[The task]
Could you copy the data that follows exactly as written, but drop the pictures?

═════ Data provided

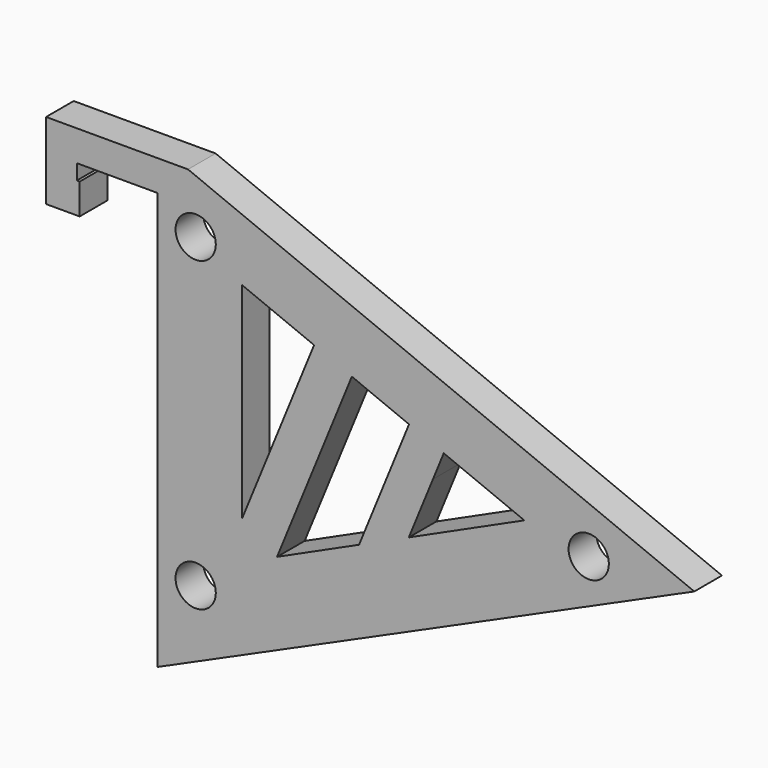
from build123d import *

# Parameters (mm, degrees)
F0_R     = 5.25
F0_W     = 0.75
F0_H     = 8
F1_DEPTH = 9


# Not quite as in the source:
# - a feature names something its author has since deleted; it is built from what else it names


with BuildPart() as f1:
    # F0 (on Front) → F1 (new body)
    with BuildSketch(Plane.XZ):
        Polygon((29, 0), (21, 0), (21, -8), (21, -109.6278309861), (21, -116.8163269758), (161, -53.9573058486), align=None)
        with Locations((31, -94.8660687473)):
            Circle(F0_R, mode=Mode.SUBTRACT)
        with Locations((31, -14.8660687473)):
            Circle(F0_R, mode=Mode.SUBTRACT)
        Polygon((43.1111576917, -75.528110744), (43.1111576917, -21.972979021), (61.8685626933, -29.6403959801), (71.7187130056, -33.6668169881), (86.6322777796, -39.7629971078), (95.6788662869, -43.460948191), (116.6788079217, -52.0450411727), (86.5560721122, -65.7548940175), (73.5966112911, -71.6531730426), (52.2128066716, -81.3856494169), (43.1111576917, -85.528110744), align=None, mode=Mode.SUBTRACT)
        with Locations((133.4695076596, -54.8660687473)):
            Circle(F0_R, mode=Mode.SUBTRACT)
        Polygon((71.7187130056, -33.6668169881), (61.8685626933, -29.6403959801), (43.1111576917, -75.528110744), (43.1111576917, -85.528110744), (52.2128066716, -81.3856494169), align=None)
        Polygon((21, -8), (21, 0), (-8, 0), (-8, -20), (0, -20), (0, -12), (0, -8), align=None)
        with Locations((0.375, -16)):
            Rectangle(F0_W, F0_H)
        Polygon((95.6788662869, -43.460948191), (86.6322777796, -39.7629971078), (73.5966112911, -71.6531730426), (86.5560721122, -65.7548940175), (86.6322777796, -65.5923289964), (92.8699112608, -50.3327157415), align=None)
    extrude(amount=F1_DEPTH)


solid = f1.part

══════════

[Your solution]
from build123d import *

# Parameters (mm, degrees)
F0_R     = 5.25
F0_W     = 0.75
F0_H     = 8
F1_DEPTH = 9


# Not quite as in the source:
# - a feature names something its author has since deleted; it is built from what else it names


with BuildPart() as f1:
    # F0 (on Front) → F1 (new body)
    with BuildSketch(Plane.XZ):
        Polygon((29, 0), (21, 0), (21, -8), (21, -109.6278309861), (21, -116.8163269758), (161, -53.9573058486), align=None)
        with Locations((31, -94.8660687473)):
            Circle(F0_R, mode=Mode.SUBTRACT)
        with Locations((31, -14.8660687473)):
            Circle(F0_R, mode=Mode.SUBTRACT)
        Polygon((43.1111576917, -75.528110744), (43.1111576917, -21.972979021), (61.8685626933, -29.6403959801), (71.7187130056, -33.6668169881), (86.6322777796, -39.7629971078), (95.6788662869, -43.460948191), (116.6788079217, -52.0450411727), (86.5560721122, -65.7548940175), (73.5966112911, -71.6531730426), (52.2128066716, -81.3856494169), (43.1111576917, -85.528110744), align=None, mode=Mode.SUBTRACT)
        with Locations((133.4695076596, -54.8660687473)):
            Circle(F0_R, mode=Mode.SUBTRACT)
        Polygon((71.7187130056, -33.6668169881), (61.8685626933, -29.6403959801), (43.1111576917, -75.528110744), (43.1111576917, -85.528110744), (52.2128066716, -81.3856494169), align=None)
        Polygon((21, -8), (21, 0), (-8, 0), (-8, -20), (0, -20), (0, -12), (0, -8), align=None)
        with Locations((0.375, -16)):
            Rectangle(F0_W, F0_H)
        Polygon((95.6788662869, -43.460948191), (86.6322777796, -39.7629971078), (73.5966112911, -71.6531730426), (86.5560721122, -65.7548940175), (86.6322777796, -65.5923289964), (92.8699112608, -50.3327157415), align=None)
    extrude(amount=F1_DEPTH)


solid = f1.part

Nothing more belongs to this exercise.